Il ne s’agit pas pour autant, pour ces auteurs de prédire que le volume de travail va diminuer inévitablement de 47 %, laissant sur le tapis l’essentiel de la classe moyenne. Confiant dans le processus de destruction créatrice, ils soulignent que ces tâches, prises en charge par des algorithmes peuvent être remplacées, sans que l’on puisse les lister encore avec précision, par des métiers de perception, de manipulation fine, d’intelligence créative et sociale. De surcroît, le système éducatif peut limiter l’hémorragie, puisque l’on observe une claire relation inverse entre le niveau d’éducation et le risque de substitution par une machine intelligente.
On se dit néanmoins, présenté ainsi, et compte tenu de l’accélération de l’histoire numérique, que la course de vitesse n’est pas gagnée d’avance. Même en étant Schumpeter-maniac, peu de chance que les compétences se réinventent à la vitesse du tsunami destructeur.
Et c’est peut-être là, qu’il faut prendre ses distances avec l’approche de Frey et Osborne aussi bien qu’avec la version édulcorée de la destruction créatrice, dans sa version simplifiée véhiculée par Philippe Aghion par exemple. Une vision binaire, où le vieux, inadapté meurt, et peine à mourir parfois, et est remplacé par du neuf, tout beau, tout productif. Car se dire que 47 % de tout beau, tout neuf, mais tout petit aussi va surgir comme par enchantement, et compenser ce qui disparaît à brève échéance, déclenche nécessairement un certain désarroi.

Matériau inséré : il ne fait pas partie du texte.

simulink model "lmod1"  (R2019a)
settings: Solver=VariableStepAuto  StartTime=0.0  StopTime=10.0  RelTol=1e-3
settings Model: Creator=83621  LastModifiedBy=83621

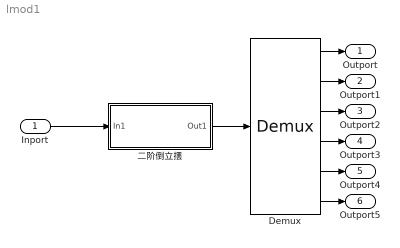
== system lmod1 ==
  Inport : Inport
  Demux : Demux  Outputs=6
  二阶倒立摆 : Subsystem  mask{m0=1.32, m1=0.132, m2=0.04, j1=0.0036, j2=0.004, l1=0.27, l2=0.09, l=0.18, f0=6.7697, f1=0.0007056, f2=0.0007056, g0=1, g=9.8}
      mask DialogControl name1 Prompt: name1
  Outport : Outport
  Outport1 : Outport  Port=2
  Outport2 : Outport  Port=3
  Outport3 : Outport  Port=4
  Outport4 : Outport  Port=5
  Outport5 : Outport  Port=6
  wires:
  Inport/1 -> 二阶倒立摆/1(In1)
  二阶倒立摆/1(Out1) -> Demux/1
  Demux/1 -> Outport/1
  Demux/2 -> Outport1/1
  Demux/3 -> Outport2/1
  Demux/4 -> Outport3/1
  Demux/5 -> Outport4/1
  Demux/6 -> Outport5/1

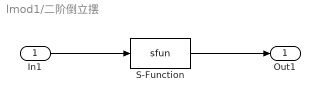
== system lmod1/二阶倒立摆 ==
  In1 : Inport
  S-Function : S-Function  FunctionName=sfun  Parameters=m0,m1,m2,j1,j2,l1,l2,l,f0,f1,f2,g0,g  SFunctionDeploymentMode=off  EnableBusSupport=off
  Out1 : Outport
  wires:
  In1/1 -> S-Function/1
  S-Function/1 -> Out1/1
simulink library "ammclib_bam_S32K3xx"  (R2016a)
settings: Solver=VariableStepAuto  SolverMode=SingleTasking  StartTime=0.0  StopTime=10.0  RelTol=1e-3
undefined symbols (not defined in the file or in its folder): a1, a2, ADCMaxError, autoCalcEn, b0, b1, b2, cfg, dgain, escale, f16A1, f16A2, f16ADCMaxError, f16B0, f16B1, f16B2, f16C1, f16CC1sc, f16CC1sc_D, f16CC1sc_Q, f16CC2sc, f16CC2sc_D, f16CC2sc_Q, f16DerivGain, f16EGain, f16FiltCoef, f16HystOff, f16HystOn, f16IGain, f16IntegGain, f16IntegGain_D, f16IntegGain_Q, f16IntegGainQ, f16Kd, f16KLs, f16Kq, f16KRs, f16Limit, f16LowerLimit, f16LowerLimit_D, f16LowerLimit_Q, f16LowerLimitQ, f16ModIndex, f16OutValOff, f16OutValOn, f16PropGain, f16PropGain_D, f16PropGain_Q, f16PropGainQ, f16RampDown, f16RampUp, f16UGain, f16UpperLimit, f16UpperLimit_D, f16UpperLimit_Q, f16UpperLimitQ, f16WIGain, f32A1, f32A2, f32ADCMaxError ... (+180)
(part 35 of 50)

== system ammclib_bam_S32K3xx/GFLIB/F32 ==
  GFLIB_Acos_F32 : Subsystem  TreatAsAtomicUnit=on  mask(GFLIB_Acos_F32){}
      mask help: Inverse cosine function in 32-bit fixed-point fractional implementation. Refer to the AMMCLIB User's Guide for further details.
      mask init: same as ammclib_bam_S32K3xx/GDFLIB/F16/GDFLIB_FilterFIR_F16
      settings: RTWSystemCode=Inline
      mask Help: web([fileparts(which('ammclib_bam_S32K3xx.slx')) '/../doc/S32K3XXMCLUG.pdf'], '-browser')
      mask Display: pos = get_param(gcb, 'Position');width = pos(3) - pos(1); height = pos(4) - pos(2);tX=width/2;tY=height - 8;color('black');text(tX,tY, 'GFLIB_Acos_F32', 'horizontalAlignment', 'center');
  GFLIB_Asin_F32 : Subsystem  TreatAsAtomicUnit=on  mask(GFLIB_Asin_F32){}
      mask help: Inverse sine function in 32-bit fixed-point fractional implementation. Refer to the AMMCLIB User's Guide for further details.
      mask init: same as ammclib_bam_S32K3xx/GDFLIB/F16/GDFLIB_FilterFIR_F16
      settings: RTWSystemCode=Inline
      mask Help: web([fileparts(which('ammclib_bam_S32K3xx.slx')) '/../doc/S32K3XXMCLUG.pdf'], '-browser')
      mask Display: pos = get_param(gcb, 'Position');width = pos(3) - pos(1); height = pos(4) - pos(2);tX=width/2;tY=height - 8;color('black');text(tX,tY, 'GFLIB_Asin_F32', 'horizontalAlignment', 'center');
  GFLIB_AtanYXShifted_F32 : Subsystem  TreatAsAtomicUnit=on  mask(GFLIB_AtanYXShifted_F32){}
      mask help: Shifted arctangent of two arguments Y/X in 32-bit fixed-point fractional implementation. Refer to the AMMCLIB User's Guide for further details.
      mask init: same as ammclib_bam_S32K3xx/GDFLIB/F16/GDFLIB_FilterFIR_F16
      settings: RTWSystemCode=Inline
      mask Help: web([fileparts(which('ammclib_bam_S32K3xx.slx')) '/../doc/S32K3XXMCLUG.pdf'], '-browser')
      mask Display: pos = get_param(gcb, 'Position');width = pos(3) - pos(1); height = pos(4) - pos(2);tX=width/2;tY=height - 8;color('black');text(tX,tY, 'GFLIB_AtanYXShifted_F32', 'horizontalAlignment', 'center');
  GFLIB_AtanYX_F32 : Subsystem  TreatAsAtomicUnit=on  mask(GFLIB_AtanYX_F32){}
      mask help: Arctangent of two arguments Y/X in 32-bit fixed-point fractional implementation. Refer to the AMMCLIB User's Guide for further details.
      mask init: same as ammclib_bam_S32K3xx/GDFLIB/F16/GDFLIB_FilterFIR_F16
      settings: RTWSystemCode=Inline
      mask Help: web([fileparts(which('ammclib_bam_S32K3xx.slx')) '/../doc/S32K3XXMCLUG.pdf'], '-browser')
      mask Display: pos = get_param(gcb, 'Position');width = pos(3) - pos(1); height = pos(4) - pos(2);tX=width/2;tY=height - 8;color('black');text(tX,tY, 'GFLIB_AtanYX_F32', 'horizontalAlignment', 'center');
  GFLIB_Atan_F32 : Subsystem  TreatAsAtomicUnit=on  mask(GFLIB_Atan_F32){}
      mask help: Inverse tangent function in 32-bit fixed-point fractional implementation. Refer to the AMMCLIB User's Guide for further details.
      mask init: same as ammclib_bam_S32K3xx/GDFLIB/F16/GDFLIB_FilterFIR_F16
      settings: RTWSystemCode=Inline
      mask Help: web([fileparts(which('ammclib_bam_S32K3xx.slx')) '/../doc/S32K3XXMCLUG.pdf'], '-browser')
      mask Display: pos = get_param(gcb, 'Position');width = pos(3) - pos(1); height = pos(4) - pos(2);tX=width/2;tY=height - 8;color('black');text(tX,tY, 'GFLIB_Atan_F32', 'horizontalAlignment', 'center');
  GFLIB_ControllerPIDpAW_F32 : Subsystem  StartFcn=|  TreatAsAtomicUnit=on  mask(GFLIB_ControllerPIDpAW_F32){showStates=Hide (faster execution), resetStatesEnable=Pre-set according to the first set of inputs after reset, SampleTime=-1, pgain=5, igain=0.5, dgain=0.01, filtCoef=10, lowerLimit=-10, upperLimit=9.999999995343387, inscale=10, outscale=10, autoCalcEn=on, f32PropGain=0, f32IntegGain=0, f32DerivGain=0, f32FiltCoef=0, s16PropGainShift=0, s16IntegGainShift=0, s16DerivGainShift=0, f32LowerLimit=0, f32UpperLimit=0, SampleTime_1=NaN}
      | ts=get_param(gcb,'CompiledSampleTime');
      | if iscell(ts)
      |   ts=ts{1};
      |   if iscell(ts)
      |     ts=ts{1};
      |   end
      | end
      | ts=ts(1);
      | set_param(gcb,'SampleTime_1',num2str(ts));
      | p=Simulink.Mask.get(gcb);
      | hintText=p.getDialogControl('timeHint');
      | SampleTime=Simulink.data.evalinGlobal(bdroot,get_param(gcb,'SampleTime'));
      | p=Simulink.Mask.get(gcb);
      | autoCalcEn=get_param(gcb,'autoCalcEn');
      | if strcmp(autoCalcEn,'on')
      |   if SampleTime==-1
      |     hintText.Prompt='Caution: Implementation parameters depend on inherited sample time. Make sure that the sample time of the block''s inputs corresponds to the sampling period in the target application.';
      |   else
      |     hintText.Prompt='Caution: Implementation parameters depend on the sample time. Make sure that the simulation time step corresponds to the sampling period in the target application.';
      |   end
      |   SampleTime=ts;
      |   f32PropGain_bkup=get_param(gcb,'f32PropGain');
      |   f32IntegGain_bkup=get_param(gcb,'f32IntegGain');
      |   f32DerivGain_bkup=get_param(gcb,'f32DerivGain');
      |   f32FiltCoef_bkup=get_param(gcb,'f32FiltCoef');
      |   s16PropGainShift_bkup=get_param(gcb,'s16PropGainShift');
      |   s16IntegGainShift_bkup=get_param(gcb,'s16IntegGainShift');
      |   s16DerivGainShift_bkup=get_param(gcb,'s16DerivGainShift');
      |   f32LowerLimit_bkup=get_param(gcb,'f32LowerLimit');
      |   f32UpperLimit_bkup=get_param(gcb,'f32UpperLimit');
      |   pgain=Simulink.data.evalinGlobal(bdroot,get_param(gcb,'pgain'));
      |   igain=Simulink.data.evalinGlobal(bdroot,get_param(gcb,'igain'));
      |   dgain=Simulink.data.evalinGlobal(bdroot,get_param(gcb,'dgain'));
      |   filtCoef=Simulink.data.evalinGlobal(bdroot,get_param(gcb,'filtCoef'));
      |   lowerLimit=Simulink.data.evalinGlobal(bdroot,get_param(gcb,'lowerLimit'));
      |   upperLimit=Simulink.data.evalinGlobal(bdroot,get_param(gcb,'upperLimit'));
      |   inscale=Simulink.data.evalinGlobal(bdroot,get_param(gcb,'inscale'));
      |   outscale=Simulink.data.evalinGlobal(bdroot,get_param(gcb,'outscale'));
      |   if (upperLimit<=lowerLimit)
      |     warning('UpperLimit should be greater than LowerLimit.');
      |   end
      |   if (inscale<=0)
      |     warning('E_max must be positive.');
      |   end
      |   if (outscale<=0)
      |     warning('U_max must be positive.');
      |   end
      |   kpf=pgain*inscale/outscale;
      |   s16PropGainShift=ceil(log2(abs(kpf)));
      |   if s16PropGainShift<-31
      |     s16PropGainShift=-31;
      |   end
      |   if s16PropGainShift>31
      |     s16PropGainShift=31;
      |     warning(['Parameter s16PropGainShift of ' gcb ' exceeds the fixed-point range.']);
      |   end
      |   f32PropGain=round(kpf*2^(-s16PropGainShift)*2^31);
      |   if f32PropGain>2^31-1
      |     f32PropGain=2^31-1;
      |     warning(['Parameter f32PropGain of ' gcb ' exceeds the fixed-point range.']);
      |   end
      |   if f32PropGain<-2^31
      |     f32PropGain=-2^31;
      |     warning(['Parameter f32PropGain of ' gcb ' exceeds the fixed-point range.']);
      |   end
      |   kif=igain*SampleTime*0.5*inscale/outscale;
      |   s16IntegGainShift=ceil(log2(abs(kif)));
      |   if s16IntegGainShift<-31
      |     s16IntegGainShift=-31;
      |   end
      |   if s16IntegGainShift>31
      |     s16IntegGainShift=31;
      |     warning(['Parameter s16IntegGainShift of ' gcb ' exceeds the fixed-point range.']);
      |   end
      |   f32IntegGain=round(kif*2^(-s16IntegGainShift)*2^31);
      |   if f32IntegGain>2^31-1
      |     f32IntegGain=2^31-1;
      |     warning(['Parameter f32IntegGain of ' gcb ' exceeds the fixed-point range.']);
      |   end
      |   if f32IntegGain<-2^31
      |     f32IntegGain=-2^31;
      |     warning(['Parameter f32IntegGain of ' gcb ' exceeds the fixed-point range.']);
      |   end
      |   upperLimitf=upperLimit/outscale;
      |   lowerLimitf=lowerLimit/outscale;
      |   f32UpperLimit=round(upperLimitf*2^31);
      |   if f32UpperLimit>2^31-1
      |     f32UpperLimit=2^31-1;
      |     warning(['Parameter f32UpperLimit of ' gcb ' exceeds the fixed-point range.']);
      |   end
      |   if f32UpperLimit<-2^31
      |     f32UpperLimit=-2^31;
      |     warning(['Parameter f32UpperLimit of ' gcb ' exceeds the fixed-point range.']);
      |   end
      |   f32LowerLimit=round(lowerLimitf*2^31);
      |   if f32LowerLimit>2^31-1
      |     f32LowerLimit=2^31-1;
      |     warning(['Parameter f32LowerLimit of ' gcb ' exceeds the fixed-point range.']);
      |   end
      |   if f32LowerLimit<-2^31
      |     f32LowerLimit=-2^31;
      |     warning(['Parameter f32LowerLimit of ' gcb ' exceeds the fixed-point range.']);
      |   end
      |   exparg=-SampleTime*filtCoef;
      |   expconst=exp(exparg);
      |   f32FiltCoef=round(expconst*2^31);
      |   if f32FiltCoef>2^31-1
      |     f32FiltCoef=2^31-1;
      |     warning(['Parameter f32FiltCoef of ' gcb ' exceeds the fixed-point range.']);
      |   end
      |   if f32FiltCoef<-2^31
      |     f32FiltCoef=-2^31;
      |     warning(['Parameter f32FiltCoef of ' gcb ' exceeds the fixed-point range.']);
      |   end
      |   kdf=dgain/SampleTime*(1 - expconst)*inscale/outscale;
      |   s16DerivGainShift=ceil(log2(abs(kpf)));
      |   if s16DerivGainShift<-31
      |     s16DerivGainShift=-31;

Commençons d’abord par une petite introspection : le numérique a-t-il jusqu’ici allégé, vidé de sa substance notre métier, ou bien l’a-t-il complexifié et épaissi. Si je me livre à cet exercice pour moi-même et que je raisonne comme Frey et Osborn, je dois me souvenir du temps où la moitié de mon temps était consacré à la saisine manuelle de données. Où la consultation de documents nécessitait l’accès à des bibliothèques physiques. Où les modèles rustiques, laborieusement élaborés, tournaient sur plusieurs jours à base de cartes perforées etc… Je constaterai alors que Frey et Osborn auraient prophétisé le risque de prise en charge à 90% de mon métier par des machines et sa perte de substance. Que s’est-il passé à la place : l’accès aux données numériques a permis d’explorer les choses avec un degré de granularité beaucoup plus fin. La micro-économie et la formalisation mathématique ont pris leur envol etc… bref mon métier s’est déplacé et s’est complexifié par hybridation notamment avec les mathématiques. Je pourrais aussi me référer aux métiers de la finance, premiers touchés par le big bang numérique, et dont le nombre et la complexité ont explosé.
Cherchons l’erreur. Elle est simple. Le numérique ne consiste pas seulement à automatiser le champ cognitif. Le numérique multiplie les possibilités interconnections. Il crée des liens qui permettent d’hybrider les produits comme les métiers. Les métiers ne disparaissent pas nécessairement pour être remplacés, ils se recomposent, s’enrichissent grâce à la data, et s’inventent de nouvelles routines. C’est cela aussi le pouvoir du numérique, celui de mixer les choses, de la même manière que dans le domaine scientifique biologistes et chimistes finissent par accoucher de biochimistes. Certains métiers disparaitront ne le nions pas. Mais la plupart évolueront de façon incrémentale et gagneront plutôt en épaisseur.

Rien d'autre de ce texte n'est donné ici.